Building a DOM object is simple; just:
Listing 4: Creating a Python DOM object in an XML file
from Xml.dom.minidom
import
parse, parsestring
dom1 = Parse (' mydata.xml ')
# Parse a XML file by Name
Using DOM objects is a very straightforward work of OOP patterns. However, many of the properties of similar listings are often encountered in hierarchies that cannot be easily differentiated immediately (except for circular enumeration). For example, here is a typical snippet of DOM Python code:
Listing 5: Iteration through the Python DOM node object
For
node
in
dom_node.childnodes:
if
node.nodename = = ' #text ':
# PCDATA is a kind of node,< C14/>pcdata = Node.nodevalue
# but not a new subtag
elif
node.nodename = ' spam ':
spam_node_ List.append (node)
# Create List of <spam> nodes
The Python standard documentation has some more detailed DOM examples. The directions in my earlier article about using DOM objects (see Resources) are still correct, but some method and property names are changed since the article was published, so consult the Python documentation.
module: Pyxie
The Pyxie module is built on top of Python standard XML support, which provides an additional high-level interface for XML documents. Pyxie will do two basic things: it transforms an XML document into a line-based format that is easier to parse, and it provides a way to treat an XML document as an operable tree. The Pyxie PYX format used is not language-specific, and its tools are available in several languages. In summary, the PYX representation of a document is easier to use than a common line-based text processing tool, such as grep, sed, awk, bash, Perl, or standard Python modules, such as String and re, compared to their XML representations. Depending on the result, converting from XML to PYX can save a lot of work.

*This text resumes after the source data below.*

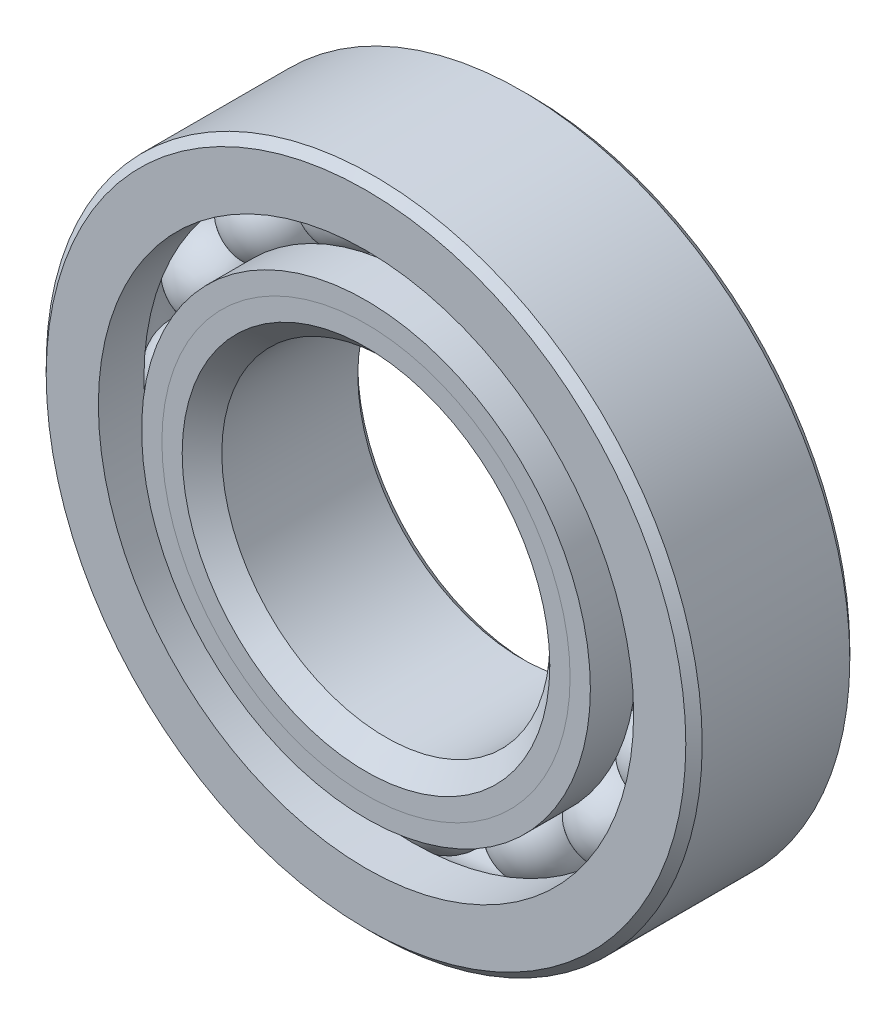
ISO-10303-21;
HEADER;
FILE_DESCRIPTION(('STEP AP214'),'2;1');
FILE_NAME('part.step','',(''),(''),'','','');
FILE_SCHEMA(('AUTOMOTIVE_DESIGN { 1 0 10303 214 1 1 1 1 }'));
ENDSEC;
DATA;
#1=APPLICATION_CONTEXT('core data for automotive mechanical design processes');
#2=APPLICATION_PROTOCOL_DEFINITION('international standard','automotive_design',2000,#1);
#3=PRODUCT_CONTEXT('',#1,'mechanical');
#4=PRODUCT('Part','Part','',(#3));
#5=PRODUCT_RELATED_PRODUCT_CATEGORY('part','',(#4));
#6=PRODUCT_DEFINITION_FORMATION('','',#4);
#7=PRODUCT_DEFINITION_CONTEXT('part definition',#1,'design');
#8=PRODUCT_DEFINITION('design','',#6,#7);
#9=PRODUCT_DEFINITION_SHAPE('','',#8);
#10=(LENGTH_UNIT() NAMED_UNIT(*) SI_UNIT(.MILLI.,.METRE.));
#11=(NAMED_UNIT(*) PLANE_ANGLE_UNIT() SI_UNIT($,.RADIAN.));
#12=(NAMED_UNIT(*) SI_UNIT($,.STERADIAN.) SOLID_ANGLE_UNIT());
#13=UNCERTAINTY_MEASURE_WITH_UNIT(LENGTH_MEASURE(1.E-05),#10,'distance_accuracy_value','');
#14=(GEOMETRIC_REPRESENTATION_CONTEXT(3) GLOBAL_UNCERTAINTY_ASSIGNED_CONTEXT((#13)) GLOBAL_UNIT_ASSIGNED_CONTEXT((#10,
#11,#12)) REPRESENTATION_CONTEXT('',''));
#15=CARTESIAN_POINT('',(0.,0.,0.));
#16=DIRECTION('',(0.,0.,1.));
#17=DIRECTION('',(1.,0.,0.));
#18=AXIS2_PLACEMENT_3D('',#15,#16,#17);
#19=CARTESIAN_POINT('',(-7.29011938655472,17.5999050943401,0.));
#20=DIRECTION('',(0.,0.,1.));
#21=DIRECTION('',(-0.382683432365077,0.923879532511292,0.));
#22=AXIS2_PLACEMENT_3D('',#19,#20,#21);
#23=SPHERICAL_SURFACE('',#22,3.28171342706955);
#24=CARTESIAN_POINT('',(-7.29011938655472,17.5999050943401,3.28171342706955));
#25=VERTEX_POINT('',#24);
#26=VERTEX_LOOP('',#25);
#27=FACE_BOUND('',#26,.T.);
#28=ADVANCED_FACE('F39',(#27),#23,.T.);
#29=CLOSED_SHELL('',(#28));
#30=MANIFOLD_SOLID_BREP('B2',#29);
#31=CARTESIAN_POINT('',(-13.4703841816036,13.4703841816039,0.));
#32=DIRECTION('',(0.,0.,1.));
#33=DIRECTION('',(-0.707106781186539,0.707106781186556,0.));
#34=AXIS2_PLACEMENT_3D('',#31,#32,#33);
#35=SPHERICAL_SURFACE('',#34,3.28171342706955);
#36=CARTESIAN_POINT('',(-13.4703841816036,13.4703841816039,3.28171342706955));
#37=VERTEX_POINT('',#36);
#38=VERTEX_LOOP('',#37);
#39=FACE_BOUND('',#38,.T.);
#40=ADVANCED_FACE('F60',(#39),#35,.T.);
#41=CLOSED_SHELL('',(#40));
#42=MANIFOLD_SOLID_BREP('B6',#41);
#43=CARTESIAN_POINT('',(-17.5999050943399,7.29011938655515,0.));
#44=DIRECTION('',(0.,0.,1.));
#45=DIRECTION('',(-0.923879532511283,0.3826834323651,0.));
#46=AXIS2_PLACEMENT_3D('',#43,#44,#45);
#47=SPHERICAL_SURFACE('',#46,3.28171342706955);
#48=CARTESIAN_POINT('',(-17.5999050943399,7.29011938655515,3.28171342706955));
#49=VERTEX_POINT('',#48);
#50=VERTEX_LOOP('',#49);
#51=FACE_BOUND('',#50,.T.);
#52=ADVANCED_FACE('F81',(#51),#47,.T.);
#53=CLOSED_SHELL('',(#52));
#54=MANIFOLD_SOLID_BREP('B35',#53);
#55=CARTESIAN_POINT('',(-19.05,1.99538274087401E-13,0.));
#56=DIRECTION('',(0.,0.,1.));
#57=DIRECTION('',(-1.,0.,0.));
#58=AXIS2_PLACEMENT_3D('',#55,#56,#57);
#59=SPHERICAL_SURFACE('',#58,3.28171342706955);
#60=CARTESIAN_POINT('',(-19.05,1.99538274087401E-13,3.28171342706955));
#61=VERTEX_POINT('',#60);
#62=VERTEX_LOOP('',#61);
#63=FACE_BOUND('',#62,.T.);
#64=ADVANCED_FACE('F102',(#63),#59,.T.);
#65=CLOSED_SHELL('',(#64));
#66=MANIFOLD_SOLID_BREP('B56',#65);
#67=CARTESIAN_POINT('',(-17.5999050943401,-7.29011938655478,0.));
#68=DIRECTION('',(0.,0.,1.));
#69=DIRECTION('',(-0.923879532511291,-0.382683432365081,0.));
#70=AXIS2_PLACEMENT_3D('',#67,#68,#69);
#71=SPHERICAL_SURFACE('',#70,3.28171342706955);
#72=CARTESIAN_POINT('',(-17.5999050943401,-7.29011938655478,3.28171342706955));
#73=VERTEX_POINT('',#72);
#74=VERTEX_LOOP('',#73);
#75=FACE_BOUND('',#74,.T.);
#76=ADVANCED_FACE('F123',(#75),#71,.T.);
#77=CLOSED_SHELL('',(#76));
#78=MANIFOLD_SOLID_BREP('B77',#77);
#79=CARTESIAN_POINT('',(-13.4703841816038,-13.4703841816036,0.));
#80=DIRECTION('',(0.,0.,1.));
#81=DIRECTION('',(-0.707106781186554,-0.707106781186541,0.));
#82=AXIS2_PLACEMENT_3D('',#79,#80,#81);
#83=SPHERICAL_SURFACE('',#82,3.28171342706955);
#84=CARTESIAN_POINT('',(-13.4703841816038,-13.4703841816036,3.28171342706955));
#85=VERTEX_POINT('',#84);
#86=VERTEX_LOOP('',#85);
#87=FACE_BOUND('',#86,.T.);
#88=ADVANCED_FACE('F144',(#87),#83,.T.);
#89=CLOSED_SHELL('',(#88));
#90=MANIFOLD_SOLID_BREP('B98',#89);
#91=CARTESIAN_POINT('',(-7.2901193865551,-17.59990509434,0.));
#92=DIRECTION('',(0.,0.,1.));
#93=DIRECTION('',(-0.382683432365097,-0.923879532511284,0.));
#94=AXIS2_PLACEMENT_3D('',#91,#92,#93);
#95=SPHERICAL_SURFACE('',#94,3.28171342706955);
#96=CARTESIAN_POINT('',(-7.2901193865551,-17.59990509434,3.28171342706955));
#97=VERTEX_POINT('',#96);
#98=VERTEX_LOOP('',#97);
#99=FACE_BOUND('',#98,.T.);
#100=ADVANCED_FACE('F165',(#99),#95,.T.);
#101=CLOSED_SHELL('',(#100));
#102=MANIFOLD_SOLID_BREP('B119',#101);
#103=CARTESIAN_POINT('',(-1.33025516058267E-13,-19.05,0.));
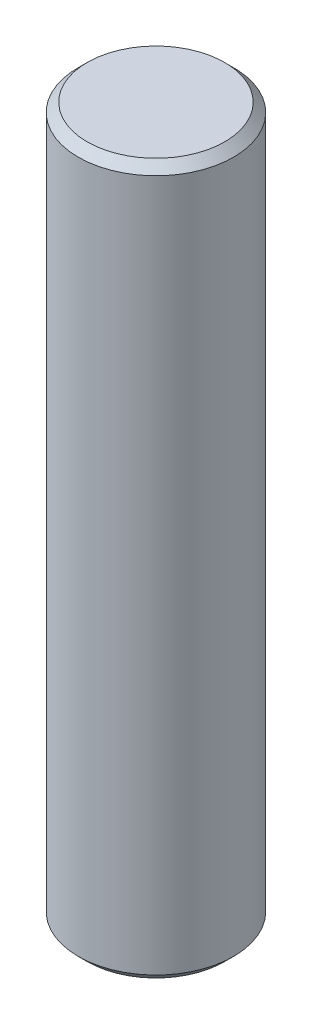
ISO-10303-21;
HEADER;
FILE_DESCRIPTION(('STEP AP214'),'2;1');
FILE_NAME('part.step','',(''),(''),'','','');
FILE_SCHEMA(('AUTOMOTIVE_DESIGN { 1 0 10303 214 1 1 1 1 }'));
ENDSEC;
DATA;
#1=APPLICATION_CONTEXT('core data for automotive mechanical design processes');
#2=APPLICATION_PROTOCOL_DEFINITION('international standard','automotive_design',2000,#1);
#3=PRODUCT_CONTEXT('',#1,'mechanical');
#4=PRODUCT('Part','Part','',(#3));
#5=PRODUCT_RELATED_PRODUCT_CATEGORY('part','',(#4));
#6=PRODUCT_DEFINITION_FORMATION('','',#4);
#7=PRODUCT_DEFINITION_CONTEXT('part definition',#1,'design');
#8=PRODUCT_DEFINITION('design','',#6,#7);
#9=PRODUCT_DEFINITION_SHAPE('','',#8);
#10=(LENGTH_UNIT() NAMED_UNIT(*) SI_UNIT(.MILLI.,.METRE.));
#11=(NAMED_UNIT(*) PLANE_ANGLE_UNIT() SI_UNIT($,.RADIAN.));
#12=(NAMED_UNIT(*) SI_UNIT($,.STERADIAN.) SOLID_ANGLE_UNIT());
#13=UNCERTAINTY_MEASURE_WITH_UNIT(LENGTH_MEASURE(1.E-05),#10,'distance_accuracy_value','');
#14=(GEOMETRIC_REPRESENTATION_CONTEXT(3) GLOBAL_UNCERTAINTY_ASSIGNED_CONTEXT((#13)) GLOBAL_UNIT_ASSIGNED_CONTEXT((#10,
#11,#12)) REPRESENTATION_CONTEXT('',''));
#15=CARTESIAN_POINT('',(0.,0.,0.));
#16=DIRECTION('',(0.,0.,1.));
#17=DIRECTION('',(1.,0.,0.));
#18=AXIS2_PLACEMENT_3D('',#15,#16,#17);
#19=CARTESIAN_POINT('',(0.,16.,0.));
#20=DIRECTION('',(0.,-1.,0.));
#21=DIRECTION('',(0.,0.,-1.));
#22=AXIS2_PLACEMENT_3D('',#19,#20,#21);
#23=CYLINDRICAL_SURFACE('',#22,1.75);
#24=CARTESIAN_POINT('',(0.,0.199999999999999,0.));
#25=DIRECTION('',(0.,1.,0.));
#26=DIRECTION('',(0.,0.,1.));
#27=AXIS2_PLACEMENT_3D('',#24,#25,#26);
#28=CIRCLE('',#27,1.75);
#29=CARTESIAN_POINT('',(0.,0.199999999999999,1.75));
#30=VERTEX_POINT('',#29);
#31=EDGE_CURVE('E47',#30,#30,#28,.T.);
#32=ORIENTED_EDGE('',*,*,#31,.T.);
#33=EDGE_LOOP('',(#32));
#34=FACE_BOUND('',#33,.T.);
#35=CARTESIAN_POINT('',(0.,15.8,0.));
#36=DIRECTION('',(0.,1.,0.));
#37=DIRECTION('',(0.,0.,1.));
#38=AXIS2_PLACEMENT_3D('',#35,#36,#37);
#39=CIRCLE('',#38,1.75);
#40=CARTESIAN_POINT('',(0.,15.8,1.75));
#41=VERTEX_POINT('',#40);
#42=EDGE_CURVE('E51',#41,#41,#39,.F.);
#43=ORIENTED_EDGE('',*,*,#42,.T.);
#44=EDGE_LOOP('',(#43));
#45=FACE_BOUND('',#44,.T.);
#46=ADVANCED_FACE('F35',(#34,#45),#23,.T.);
#47=CARTESIAN_POINT('',(0.,16.,0.));
#48=DIRECTION('',(0.,1.,0.));
#49=DIRECTION('',(0.,0.,1.));
#50=AXIS2_PLACEMENT_3D('',#47,#48,#49);
#51=PLANE('',#50);
#52=CARTESIAN_POINT('',(0.,16.,0.));
#53=DIRECTION('',(0.,1.,0.));
#54=DIRECTION('',(0.,0.,1.));
#55=AXIS2_PLACEMENT_3D('',#52,#53,#54);
#56=CIRCLE('',#55,1.55);
#57=CARTESIAN_POINT('',(0.,16.,1.55));
#58=VERTEX_POINT('',#57);
#59=EDGE_CURVE('E10',#58,#58,#56,.T.);
#60=ORIENTED_EDGE('',*,*,#59,.T.);
#61=EDGE_LOOP('',(#60));
#62=FACE_BOUND('',#61,.T.);
#63=ADVANCED_FACE('F67',(#62),#51,.T.);
#64=CARTESIAN_POINT('',(0.,0.,0.));
#65=DIRECTION('',(0.,1.,0.));
#66=DIRECTION('',(0.,0.,1.));
#67=AXIS2_PLACEMENT_3D('',#64,#65,#66);
#68=PLANE('',#67);
#69=CARTESIAN_POINT('',(0.,0.,0.));
#70=DIRECTION('',(0.,1.,0.));
#71=DIRECTION('',(0.,0.,1.));
#72=AXIS2_PLACEMENT_3D('',#69,#70,#71);
#73=CIRCLE('',#72,1.55);
#74=CARTESIAN_POINT('',(0.,0.,1.55));
#75=VERTEX_POINT('',#74);
#76=EDGE_CURVE('E43',#75,#75,#73,.F.);
#77=ORIENTED_EDGE('',*,*,#76,.T.);
#78=EDGE_LOOP('',(#77));
#79=FACE_BOUND('',#78,.T.);
#80=ADVANCED_FACE('F64',(#79),#68,.F.);
#81=CARTESIAN_POINT('',(0.,0.199999999999999,0.));
#82=DIRECTION('',(0.,1.,0.));
#83=DIRECTION('',(0.,0.,1.));
#84=AXIS2_PLACEMENT_3D('',#81,#82,#83);
#85=CONICAL_SURFACE('',#84,1.75,0.785398163397453);
#86=ORIENTED_EDGE('',*,*,#76,.F.);
#87=EDGE_LOOP('',(#86));
#88=FACE_BOUND('',#87,.T.);
#89=ORIENTED_EDGE('',*,*,#31,.F.);
#90=EDGE_LOOP('',(#89));
#91=FACE_BOUND('',#90,.T.);
#92=ADVANCED_FACE('F60',(#88,#91),#85,.T.);
#93=CARTESIAN_POINT('',(0.,16.,0.));
#94=DIRECTION('',(0.,-1.,0.));
#95=DIRECTION('',(0.,0.,-1.));
#96=AXIS2_PLACEMENT_3D('',#93,#94,#95);
#97=CONICAL_SURFACE('',#96,1.55,0.785398163397453);
#98=ORIENTED_EDGE('',*,*,#42,.F.);
#99=EDGE_LOOP('',(#98));
#100=FACE_BOUND('',#99,.T.);
#101=ORIENTED_EDGE('',*,*,#59,.F.);
#102=EDGE_LOOP('',(#101));
#103=FACE_BOUND('',#102,.T.);
#104=ADVANCED_FACE('F38',(#100,#103),#97,.T.);
#105=CLOSED_SHELL('',(#46,#63,#80,#92,#104));
#106=MANIFOLD_SOLID_BREP('B2',#105);
#107=ADVANCED_BREP_SHAPE_REPRESENTATION('',(#18,#106),#14);
#108=SHAPE_DEFINITION_REPRESENTATION(#9,#107);
ENDSEC;
END-ISO-10303-21;

Pyxie the idea of an XML document as a tree is similar to the idea in DOM. Because the DOM standard is widely supported in many programming languages, if the tree representation of XML documents is required, most programmers use DOM standards rather than Pyxie.
more modules: Xml_pickle and Xml_objectify
I developed my own advanced modules for processing XML, called Xml_pickle and xml_objectify. I've also written a lot of similar modules elsewhere (see Resources), and there's no need to do much about it here. These modules are useful when you "think in Python" rather than "think in XML." In particular, xml_objectify itself hides almost all of the XML cues from the programmer, allowing you to fully use the Python "original" object in your program. The actual XML data format is almost invisible. Similarly, xml_pickle the Python programmer to start with the "original" Python object, whose data can be derived from any source code, and then put them (sequentially) into an XML format that other users may need later.